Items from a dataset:

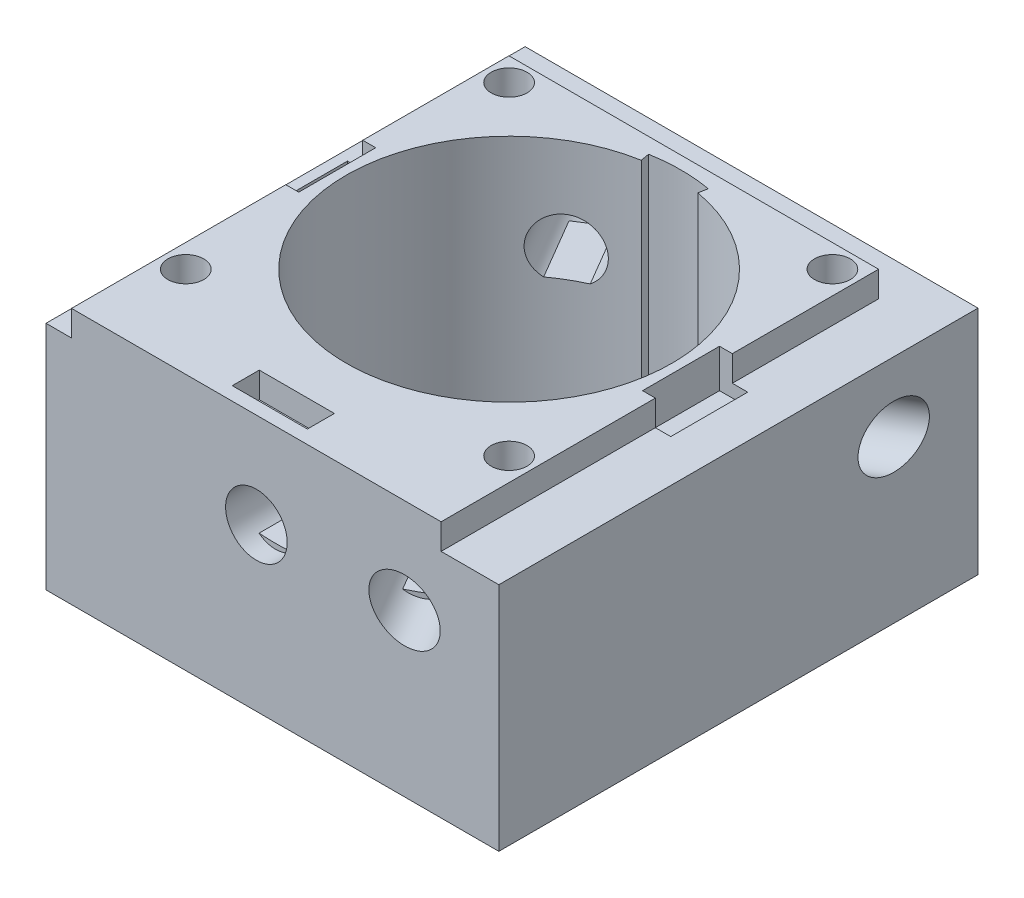
SolidWorks part; units mm, degrees
ref_plane "Front Plane" through (0, 0, 0) normal (0, 0, 1) x (1, 0, 0)
ref_plane "Top Plane" through (0, 0, 0) normal (0, 1, 0) x (1, 0, 0)
ref_plane "Right Plane" through (0, 0, 0) normal (1, 0, 0) x (0, 0, -1)
sketch "Sketch1" plane through (0, 0, 0) normal (0, 1, 0) x (1, 0, 0)
  line L1 (-20.828, 22.9235) -> (20.828, 22.9235)
  line L2 (-20.828, 22.9235) -> (-20.828, -22.9235)
  line L3 (-20.828, -22.9235) -> (20.828, -22.9235)
  line L4 (20.828, 22.9235) -> (20.828, -22.9235)
  line L5 (-20.828, 22.9235) -> (20.828, -22.9235) construction
  line L6 (-20.828, -22.9235) -> (20.828, 22.9235) construction
  point P0 (0, 0)
  dimension "D1" = 45.847
  dimension "D2" = 41.656
extrude "Boss-Extrude1" add sketch "Sketch1" along normal blind 25.4 contours L2 L1 L4 L3
sketch "Sketch2" plane through (0, 25.4, 0) normal (0, 1, 0) x (1, 0, 0)
  line L0 (0, 22.9235) -> (0, 2.0955) construction
  line L1 (-20.828, 22.9235) -> (20.828, 22.9235) construction
  circle A0 centre (0, 2.0955) radius 16.129
  dimension "D2" = 32.258
  dimension "D1" = 20.828
extrude "Cut-Extrude1" cut sketch "Sketch2" against normal up to surface (25.4 mm away) up to face at (0, 0, 0)
sketch "Sketch3" plane through (0, 25.4, 0) normal (0, 1, 0) x (1, 0, 0)
  line L0 (-18.415, 2.0955) -> (18.415, 2.0955) construction
  line L1 (0, 2.0955) -> (0, -22.9235) construction
  line L2 (17.018, -1.7145) -> (19.812, -1.7145)
  line L3 (17.018, -1.7145) -> (17.018, 5.9055)
  line L4 (17.018, 5.9055) -> (19.812, 5.9055)
  line L5 (19.812, -1.7145) -> (19.812, 5.9055)
  line L6 (17.018, -1.7145) -> (19.812, 5.9055) construction
  line L7 (17.018, 5.9055) -> (19.812, -1.7145) construction
  line L9 (-17.018, 5.9055) -> (-19.812, -1.7145) construction
  line L10 (-17.018, -1.7145) -> (-19.812, 5.9055) construction
  line L11 (-19.812, -1.7145) -> (-19.812, 5.9055)
  line L12 (-17.018, 5.9055) -> (-19.812, 5.9055)
  line L13 (-17.018, -1.7145) -> (-17.018, 5.9055)
  line L14 (-17.018, -1.7145) -> (-19.812, -1.7145)
  point P14 (0, 2.0955)
  dimension "D1" = 18.415
  dimension "D2" = 7.62
  dimension "D3" = 2.794
extrude "Cut-Extrude2" cut sketch "Sketch3" against normal blind 3.81
sketch "Sketch6" plane through (0, 25.4, 0) normal (0, 1, 0) x (1, 0, 0)
  line L0 (0, 2.0955) -> (0, 18.2245) construction
  line L1 (0, 2.0955) -> (-2.9551, 18.855)
  line L2 (0, 2.0955) -> (2.9551, 18.855)
  circle A0 centre (0, 2.0955) radius 17.018
  circle A1 centre (0, 2.0955) radius 16.129 construction
  circle M16 centre (0, 2.0955) radius 16.129
  dimension "D1" = 34.036
  dimension "D2" = 10
extrude "Cut-Extrude6" cut sketch "Sketch6" against normal up to surface (25.4 mm away) contours L2 A0 L1 M16 | L0 L2 M16 | L1 L0 M16 region at (-0.936, 25.4, -12.7937) region at (0.936, 25.4, -12.7937) region at (0, 25.4, -18.5889) up to face at (0, 0, -18.2245)
sketch "Sketch7" plane through (0, 0, 22.9235) normal (0, 0, 1) x (1, 0, 0)
  line L0 (0, 0) -> (0, 16.002) construction
  line L1 (-20.828, 0) -> (20.828, 0) construction
  circle A0 centre (0, 16.002) radius 3.048
  dimension "D2" = 6.096
  dimension "D1" = 16.002
extrude "Cut-Extrude7" cut sketch "Sketch7" against normal up to surface (9.1806 mm away) up to face at (0, 12.7, -1.973)
sketch "Sketch8" plane through (0, 25.4, 0) normal (0, 1, 0) x (1, 0, 0)
  line L1 (8.1571, -11.8187) -> (-8.1571, 16.0097) construction
  arc A0 (0, -14.0335) -> (8.1571, -11.8187) centre (0, 2.0955) cw construction
  circle A1 centre (0, 2.0955) radius 16.129 construction
sketch "Sketch9" plane through (0, 0, 0) normal (0, -1, 0) x (1, 0, 0)
  line L0 (0, -2.0955) -> (8.4098, 11.6675) construction
  circle A0 centre (0, -2.0955) radius 16.129 construction
ref_plane "Plane1" through (0.9143, 0, -0.536) normal (0.8627, 0, -0.5057) x (-0.5057, 0, -0.8627)
ref_plane "Plane2" through (-0.9143, 0, -1.5595) normal (0.5057, 0, 0.8627) x (0.8627, 0, -0.5057)
sketch "Sketch11" plane through (-0.9143, 0, -1.5595) normal (0.5057, 0, 0.8627) x (0.8627, 0, -0.5057)
  line L0 (1.0598, 0) -> (1.0598, 16.002) construction
  circle A0 centre (1.0598, 16.002) radius 3.048
  dimension "D2" = 6.096
  dimension "D1" = 16.002
sketch "Sketch12" plane through (0.9143, 0, -0.536) normal (0.8627, 0, -0.5057) x (-0.5057, 0, -0.8627)
  line L0 (1.8078, 0) -> (1.8078, 16.002) construction
  circle A0 centre (1.8078, 16.002) radius 3.048
  dimension "D2" = 6.096
  dimension "D1" = 16.002
sketch "Sketch14" plane through (0, 25.4, 0) normal (0, 1, 0) x (1, 0, 0)
  line L0 (20.828, 22.9235) -> (20.828, -22.9235) construction
  line L1 (-20.828, 22.9235) -> (20.828, 22.9235)
  line L2 (-20.828, 22.9235) -> (-20.828, 20.3835)
  line L3 (-20.828, 20.3835) -> (20.828, 20.3835)
  line L4 (20.828, 22.9235) -> (20.828, 20.3835)
  line L5 (-20.828, -22.9235) -> (20.828, -22.9235) construction
  line L6 (20.828, -22.9235) -> (18.288, -22.9235)
  line L7 (20.828, -22.9235) -> (20.828, 20.3835)
  line L8 (20.828, 20.3835) -> (18.288, 20.3835)
  line L9 (18.288, -22.9235) -> (18.288, 20.3835)
  line L10 (-20.828, 20.3835) -> (-18.3034, 20.3835)
  line L11 (-20.828, 20.3835) -> (-20.828, -22.9235)
  line L12 (-20.828, -22.9235) -> (-18.3034, -22.9235)
  line L13 (-18.3034, 20.3835) -> (-18.3034, -22.9235)
  line L15 (-3.7183, -18.9209) -> (3.7183, -18.9209)
  line L16 (-3.7183, -18.9209) -> (-3.7183, -21.5937)
  line L17 (-3.7183, -21.5937) -> (3.7183, -21.5937)
  line L18 (3.7183, -18.9209) -> (3.7183, -21.5937)
  line L19 (-3.7183, -18.9209) -> (3.7183, -21.5937) construction
  line L20 (-3.7183, -21.5937) -> (3.7183, -18.9209) construction
  point P16 (0, -20.2573)
  line M7 (-20.828, -22.9235) -> (20.828, -22.9235)
  line M8 (20.828, -22.9235) -> (20.828, 22.9235)
  line M9 (20.828, 22.9235) -> (-20.828, 22.9235)
  line M10 (-20.828, 22.9235) -> (-20.828, -22.9235)
  line M15 (17.018, 5.9055) -> (19.812, 5.9055)
  line M16 (19.812, 5.9055) -> (19.812, -1.7145)
  line M17 (19.812, -1.7145) -> (17.018, -1.7145)
  dimension "D1" = 2.54
  dimension "D2" = 2.54
  dimension "D3" = 2.5246
extrude "Cut-Extrude10" cut sketch "Sketch14" against normal blind 2.54 contours L18 L15 L16 L17 | L9 L3 M7 M8 M15 M16 M17 | L3 M10 M8 M9 | L11 L12 L13 L10 region at (0, 25.4, -21.6535) region at (20.3942, 25.4, 1.27) region at (0, 25.4, 20.2573)
sketch "Sketch17" plane through (20.828, 0, 0) normal (1, 0, 0) x (0, 0, -1)
  line L1 (-22.9235, 22.86) -> (22.9235, 22.86)
  line L2 (-22.9235, 22.86) -> (-22.9235, 0)
  line L3 (-22.9235, 0) -> (22.9235, 0)
  line L4 (22.9235, 22.86) -> (22.9235, 0)
extrude "Boss-Extrude3" add sketch "Sketch17" along normal blind 3.175
extrude "Cut-Extrude12" cut sketch "Sketch12" along normal up to surface (29.6105 mm away) up to face at (24.003, 11.43, 0)
sketch "Sketch18" plane through (0, 0, -22.9235) normal (0, 0, -1) x (-1, 0, 0)
  line L1 (-24.003, 22.86) -> (20.828, 22.86)
  line L2 (-24.003, 22.86) -> (-24.003, 0)
  line L3 (-24.003, 0) -> (20.828, 0)
  line L4 (20.828, 22.86) -> (20.828, 0)
extrude "Boss-Extrude4" add sketch "Sketch18" along normal blind 1.5875
extrude "Cut-Extrude13" cut sketch "Sketch11" against normal through all both and the other way through all
sketch "Sketch22" plane through (0, 0, 0) normal (0, -1, 0) x (1, 0, 0)
  line L0 (0, -2.0955) -> (4.9808, -24.6818)
  line L1 (0, -2.0955) -> (-4.0006, -24.8759)
  line L3 (24.003, 22.9235) -> (-20.828, 22.9235)
  line L4 (24.003, 22.9235) -> (24.003, -24.511)
  line L5 (24.003, -24.511) -> (-20.828, -24.511)
  line L6 (-20.828, 22.9235) -> (-20.828, -24.511)
  circle A0 centre (0, -2.0955) radius 16.129
  circle A1 centre (0, -2.0955) radius 23.129
  arc M11 (2.9551, -18.855) -> (-2.9551, -18.855) centre (0, -2.0955) cw
  line M12 (-2.9551, -18.855) -> (-2.8008, -17.9795)
  arc M13 (-2.8008, -17.9795) -> (2.8008, -17.9795) centre (0, -2.0955) cw
  dimension "D1" = 7
extrude "Boss-Extrude8" add sketch "Sketch22" against normal blind 13.462 contours L0 A1 L1 M11 M12 M13 region at (13.0665, 0, -12.5945)
sketch "Sketch4" plane through (0, 25.4, 0) normal (0, 1, 0) x (1, 0, 0)
  line L0 (0, 2.0955) -> (0, 22.9235) construction
  line L2 (0, 2.0955) -> (-11.5271, 2.0955) construction
  line L3 (-16.002, -13.9065) -> (16.002, -13.9065) construction
  line L4 (-16.002, -13.9065) -> (-16.002, 18.0975) construction
  line L5 (-16.002, 18.0975) -> (16.002, 18.0975) construction
  line L6 (16.002, -13.9065) -> (16.002, 18.0975) construction
  line L7 (-16.002, -13.9065) -> (16.002, 18.0975) construction
  line L8 (-16.002, 18.0975) -> (16.002, -13.9065) construction
  circle A0 centre (-16.002, -13.9065) radius 1.778
  circle A1 centre (-16.002, 18.0975) radius 1.778
  circle A2 centre (16.002, 18.0975) radius 1.778
  circle A3 centre (16.002, -13.9065) radius 1.778
  point P2 (0, 2.0955)
  dimension "D3" = 3.556
  dimension "D1" = 32.004
  dimension "D2" = 32.004
extrude "Cut-Extrude14" cut sketch "Sketch4" against normal through all

**REQUIRED ACTION**. Write out each line of the data that holds the string "blind".

**EXERCISE SOLUTION**.
extrude "Boss-Extrude1" add sketch "Sketch1" along normal blind 25.4 contours L2 L1 L4 L3
extrude "Cut-Extrude2" cut sketch "Sketch3" against normal blind 3.81
extrude "Cut-Extrude10" cut sketch "Sketch14" against normal blind 2.54 contours L18 L15 L16 L17 | L9 L3 M7 M8 M15 M16 M17 | L3 M10 M8 M9 | L11 L12 L13 L10 region at (0, 25.4, -21.6535) region at (20.3942, 25.4, 1.27) region at (0, 25.4, 20.2573)
extrude "Boss-Extrude3" add sketch "Sketch17" along normal blind 3.175
extrude "Boss-Extrude4" add sketch "Sketch18" along normal blind 1.5875
extrude "Boss-Extrude8" add sketch "Sketch22" against normal blind 13.462 contours L0 A1 L1 M11 M12 M13 region at (13.0665, 0, -12.5945)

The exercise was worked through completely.